## [Exercise aim]
Using the data that follows, return exactly the lines from the one that contains "#17=DIRECTION('',(1.,0.,0.));" through the one that contains "#27=LINE('',#26,#25);", ends included.

(Given data begins)

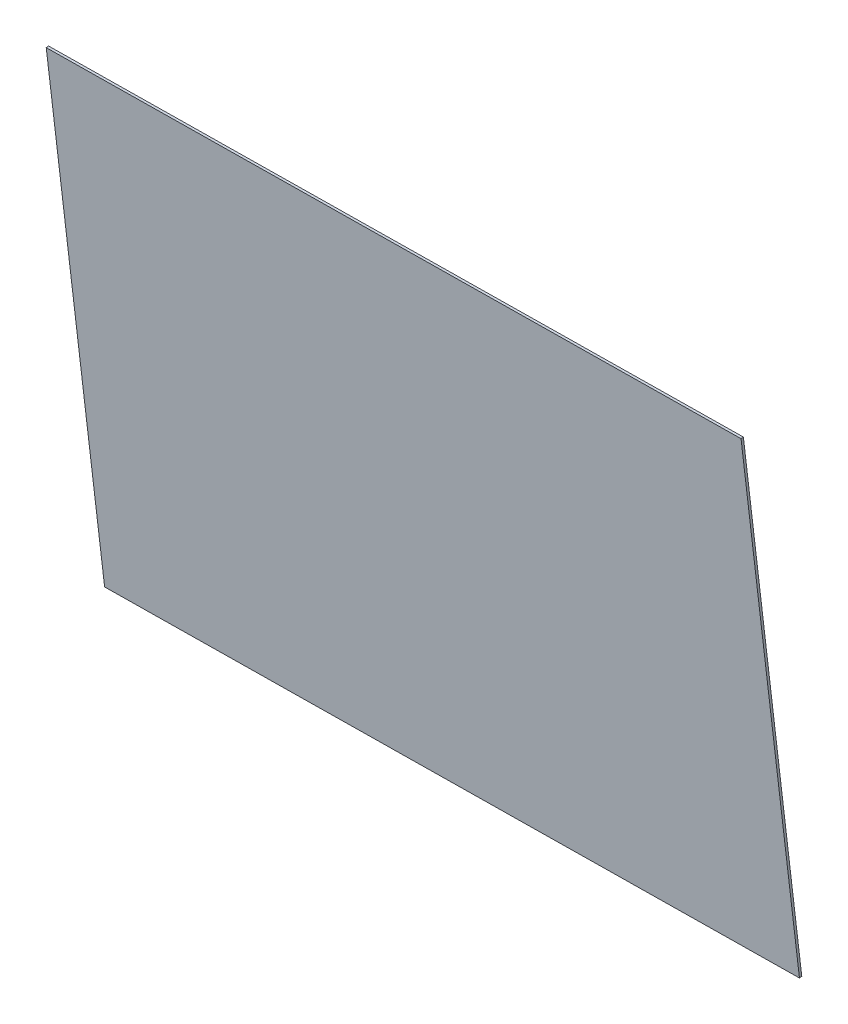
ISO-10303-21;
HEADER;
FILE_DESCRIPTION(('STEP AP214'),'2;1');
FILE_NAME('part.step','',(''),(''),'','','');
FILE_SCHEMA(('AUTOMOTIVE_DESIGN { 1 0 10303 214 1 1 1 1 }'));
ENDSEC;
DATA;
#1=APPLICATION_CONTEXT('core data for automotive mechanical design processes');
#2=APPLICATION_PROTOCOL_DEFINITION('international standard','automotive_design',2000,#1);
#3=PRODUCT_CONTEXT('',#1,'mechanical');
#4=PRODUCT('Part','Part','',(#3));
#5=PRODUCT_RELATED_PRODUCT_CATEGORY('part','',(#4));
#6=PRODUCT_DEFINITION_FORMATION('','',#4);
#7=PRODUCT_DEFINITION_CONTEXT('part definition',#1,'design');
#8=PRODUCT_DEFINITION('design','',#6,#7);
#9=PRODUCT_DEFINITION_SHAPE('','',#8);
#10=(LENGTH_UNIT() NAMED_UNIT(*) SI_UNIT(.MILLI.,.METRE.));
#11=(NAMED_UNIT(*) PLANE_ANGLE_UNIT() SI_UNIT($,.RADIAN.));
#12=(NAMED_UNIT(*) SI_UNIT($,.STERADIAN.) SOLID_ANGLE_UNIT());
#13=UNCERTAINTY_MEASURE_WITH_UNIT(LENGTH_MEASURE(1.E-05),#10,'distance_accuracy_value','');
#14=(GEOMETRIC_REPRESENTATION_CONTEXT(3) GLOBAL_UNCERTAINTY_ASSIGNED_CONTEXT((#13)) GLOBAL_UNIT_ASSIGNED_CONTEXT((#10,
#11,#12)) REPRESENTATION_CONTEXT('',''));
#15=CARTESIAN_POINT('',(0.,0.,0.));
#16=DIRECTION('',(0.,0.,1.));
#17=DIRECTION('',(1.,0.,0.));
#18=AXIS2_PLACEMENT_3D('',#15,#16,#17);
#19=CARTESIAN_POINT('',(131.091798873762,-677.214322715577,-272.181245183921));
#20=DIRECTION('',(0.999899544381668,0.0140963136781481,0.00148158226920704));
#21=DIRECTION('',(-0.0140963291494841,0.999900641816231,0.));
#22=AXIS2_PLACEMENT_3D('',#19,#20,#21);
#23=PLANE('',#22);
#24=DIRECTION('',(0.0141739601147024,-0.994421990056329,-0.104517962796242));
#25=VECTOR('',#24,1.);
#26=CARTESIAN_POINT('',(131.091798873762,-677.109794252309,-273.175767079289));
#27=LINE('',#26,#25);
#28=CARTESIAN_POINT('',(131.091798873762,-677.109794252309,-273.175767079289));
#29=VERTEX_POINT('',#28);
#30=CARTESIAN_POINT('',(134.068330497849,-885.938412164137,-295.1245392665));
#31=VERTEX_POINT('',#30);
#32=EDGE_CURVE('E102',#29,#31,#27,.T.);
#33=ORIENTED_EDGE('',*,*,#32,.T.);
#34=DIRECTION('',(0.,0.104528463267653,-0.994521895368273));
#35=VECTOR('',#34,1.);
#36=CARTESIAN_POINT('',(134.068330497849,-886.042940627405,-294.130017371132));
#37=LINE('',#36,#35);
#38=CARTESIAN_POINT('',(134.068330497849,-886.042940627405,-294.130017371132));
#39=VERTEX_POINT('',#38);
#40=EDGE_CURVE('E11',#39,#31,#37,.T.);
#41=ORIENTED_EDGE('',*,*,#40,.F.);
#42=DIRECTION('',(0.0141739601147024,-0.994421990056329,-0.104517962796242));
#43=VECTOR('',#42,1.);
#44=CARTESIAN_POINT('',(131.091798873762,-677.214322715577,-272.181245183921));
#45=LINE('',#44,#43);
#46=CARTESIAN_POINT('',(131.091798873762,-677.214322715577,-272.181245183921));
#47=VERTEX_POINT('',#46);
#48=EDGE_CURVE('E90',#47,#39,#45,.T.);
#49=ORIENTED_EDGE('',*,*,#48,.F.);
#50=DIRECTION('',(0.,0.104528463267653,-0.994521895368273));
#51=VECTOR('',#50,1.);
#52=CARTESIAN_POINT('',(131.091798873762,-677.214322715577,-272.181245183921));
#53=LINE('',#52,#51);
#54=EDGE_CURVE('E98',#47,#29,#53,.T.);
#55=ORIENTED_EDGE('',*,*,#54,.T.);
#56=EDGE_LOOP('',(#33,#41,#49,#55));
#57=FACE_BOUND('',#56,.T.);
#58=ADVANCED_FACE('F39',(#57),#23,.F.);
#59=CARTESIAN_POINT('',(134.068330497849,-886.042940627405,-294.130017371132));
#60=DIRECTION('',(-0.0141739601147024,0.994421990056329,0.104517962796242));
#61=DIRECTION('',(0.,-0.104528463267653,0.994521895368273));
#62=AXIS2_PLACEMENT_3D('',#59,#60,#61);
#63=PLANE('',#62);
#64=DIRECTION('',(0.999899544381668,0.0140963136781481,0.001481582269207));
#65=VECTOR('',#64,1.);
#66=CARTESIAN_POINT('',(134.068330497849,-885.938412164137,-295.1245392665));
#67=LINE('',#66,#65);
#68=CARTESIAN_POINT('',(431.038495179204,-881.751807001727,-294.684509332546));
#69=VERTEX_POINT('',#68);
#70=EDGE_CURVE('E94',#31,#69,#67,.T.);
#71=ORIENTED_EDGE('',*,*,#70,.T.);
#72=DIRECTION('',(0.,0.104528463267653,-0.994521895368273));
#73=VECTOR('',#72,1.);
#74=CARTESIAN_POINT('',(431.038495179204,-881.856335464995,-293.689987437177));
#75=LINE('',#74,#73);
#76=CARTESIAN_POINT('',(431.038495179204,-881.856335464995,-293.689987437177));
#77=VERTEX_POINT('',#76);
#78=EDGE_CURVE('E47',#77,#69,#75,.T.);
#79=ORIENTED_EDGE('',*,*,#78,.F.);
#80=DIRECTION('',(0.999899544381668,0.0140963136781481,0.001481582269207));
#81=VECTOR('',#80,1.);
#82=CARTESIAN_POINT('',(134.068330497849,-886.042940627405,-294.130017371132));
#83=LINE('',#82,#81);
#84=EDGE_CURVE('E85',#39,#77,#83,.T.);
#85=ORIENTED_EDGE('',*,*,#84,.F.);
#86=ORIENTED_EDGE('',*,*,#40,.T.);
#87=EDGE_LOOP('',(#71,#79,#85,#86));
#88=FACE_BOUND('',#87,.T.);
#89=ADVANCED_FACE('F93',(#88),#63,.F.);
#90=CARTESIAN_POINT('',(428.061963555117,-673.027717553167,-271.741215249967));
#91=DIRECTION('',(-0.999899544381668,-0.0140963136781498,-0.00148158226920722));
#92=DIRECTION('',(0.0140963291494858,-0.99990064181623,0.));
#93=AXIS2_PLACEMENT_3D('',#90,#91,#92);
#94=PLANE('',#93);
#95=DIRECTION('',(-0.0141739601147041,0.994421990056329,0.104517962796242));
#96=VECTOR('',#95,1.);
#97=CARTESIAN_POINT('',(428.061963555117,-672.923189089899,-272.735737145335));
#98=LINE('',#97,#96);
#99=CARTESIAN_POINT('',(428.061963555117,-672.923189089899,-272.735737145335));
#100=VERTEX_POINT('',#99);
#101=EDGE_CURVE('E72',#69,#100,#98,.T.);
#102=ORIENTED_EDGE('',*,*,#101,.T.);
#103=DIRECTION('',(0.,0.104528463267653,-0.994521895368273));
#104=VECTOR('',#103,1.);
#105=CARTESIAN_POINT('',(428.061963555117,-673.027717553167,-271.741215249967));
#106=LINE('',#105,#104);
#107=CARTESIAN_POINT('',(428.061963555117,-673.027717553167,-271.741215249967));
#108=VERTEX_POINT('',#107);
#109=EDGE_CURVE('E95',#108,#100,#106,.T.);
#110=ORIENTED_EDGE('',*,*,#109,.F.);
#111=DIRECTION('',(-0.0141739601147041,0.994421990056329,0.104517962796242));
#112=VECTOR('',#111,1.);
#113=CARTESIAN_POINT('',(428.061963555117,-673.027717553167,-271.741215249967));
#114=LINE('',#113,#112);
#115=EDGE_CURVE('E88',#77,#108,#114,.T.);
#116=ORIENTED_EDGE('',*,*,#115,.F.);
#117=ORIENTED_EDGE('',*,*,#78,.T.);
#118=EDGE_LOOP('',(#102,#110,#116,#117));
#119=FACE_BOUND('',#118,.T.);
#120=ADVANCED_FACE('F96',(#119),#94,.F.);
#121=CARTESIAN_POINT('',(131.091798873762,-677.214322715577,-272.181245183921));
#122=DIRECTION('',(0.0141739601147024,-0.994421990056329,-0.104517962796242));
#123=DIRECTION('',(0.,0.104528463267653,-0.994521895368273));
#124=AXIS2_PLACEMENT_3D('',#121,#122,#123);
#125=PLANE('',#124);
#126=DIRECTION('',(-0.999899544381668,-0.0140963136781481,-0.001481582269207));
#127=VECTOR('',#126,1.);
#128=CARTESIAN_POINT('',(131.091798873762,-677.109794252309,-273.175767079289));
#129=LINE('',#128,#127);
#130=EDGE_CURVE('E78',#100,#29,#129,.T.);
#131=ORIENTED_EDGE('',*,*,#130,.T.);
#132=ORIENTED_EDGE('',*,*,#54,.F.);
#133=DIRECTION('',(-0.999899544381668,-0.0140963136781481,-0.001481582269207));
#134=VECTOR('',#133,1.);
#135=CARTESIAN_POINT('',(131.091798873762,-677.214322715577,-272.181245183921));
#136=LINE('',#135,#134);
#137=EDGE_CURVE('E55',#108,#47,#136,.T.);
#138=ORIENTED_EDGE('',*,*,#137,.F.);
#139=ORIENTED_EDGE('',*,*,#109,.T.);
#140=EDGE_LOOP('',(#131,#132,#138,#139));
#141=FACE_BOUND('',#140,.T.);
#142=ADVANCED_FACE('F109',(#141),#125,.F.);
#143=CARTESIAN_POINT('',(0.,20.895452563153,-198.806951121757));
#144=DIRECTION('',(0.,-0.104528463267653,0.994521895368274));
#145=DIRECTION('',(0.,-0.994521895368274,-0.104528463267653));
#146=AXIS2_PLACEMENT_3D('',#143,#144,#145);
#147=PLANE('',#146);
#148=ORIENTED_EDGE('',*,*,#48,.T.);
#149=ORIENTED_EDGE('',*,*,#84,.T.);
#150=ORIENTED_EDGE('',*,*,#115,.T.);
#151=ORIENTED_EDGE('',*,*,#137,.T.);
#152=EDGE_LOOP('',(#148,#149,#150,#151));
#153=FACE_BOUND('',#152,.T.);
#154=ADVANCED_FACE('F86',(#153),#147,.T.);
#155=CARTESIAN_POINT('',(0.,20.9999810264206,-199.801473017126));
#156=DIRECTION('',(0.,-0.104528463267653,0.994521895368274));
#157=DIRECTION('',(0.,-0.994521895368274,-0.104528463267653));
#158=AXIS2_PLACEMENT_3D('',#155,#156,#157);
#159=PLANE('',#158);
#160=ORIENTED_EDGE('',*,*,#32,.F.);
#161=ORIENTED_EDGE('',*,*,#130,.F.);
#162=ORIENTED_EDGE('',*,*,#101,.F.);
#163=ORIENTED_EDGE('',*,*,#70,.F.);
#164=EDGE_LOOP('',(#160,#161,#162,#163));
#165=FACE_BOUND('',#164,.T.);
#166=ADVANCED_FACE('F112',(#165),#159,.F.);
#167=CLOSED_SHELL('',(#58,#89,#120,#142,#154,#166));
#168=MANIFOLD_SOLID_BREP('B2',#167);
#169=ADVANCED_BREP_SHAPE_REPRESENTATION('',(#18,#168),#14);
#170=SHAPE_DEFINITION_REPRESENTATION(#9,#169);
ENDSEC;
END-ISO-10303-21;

(Given data ends)

## [Solution for this task]
#17=DIRECTION('',(1.,0.,0.));
#18=AXIS2_PLACEMENT_3D('',#15,#16,#17);
#19=CARTESIAN_POINT('',(131.091798873762,-677.214322715577,-272.181245183921));
#20=DIRECTION('',(0.999899544381668,0.0140963136781481,0.00148158226920704));
#21=DIRECTION('',(-0.0140963291494841,0.999900641816231,0.));
#22=AXIS2_PLACEMENT_3D('',#19,#20,#21);
#23=PLANE('',#22);
#24=DIRECTION('',(0.0141739601147024,-0.994421990056329,-0.104517962796242));
#25=VECTOR('',#24,1.);
#26=CARTESIAN_POINT('',(131.091798873762,-677.109794252309,-273.175767079289));
#27=LINE('',#26,#25);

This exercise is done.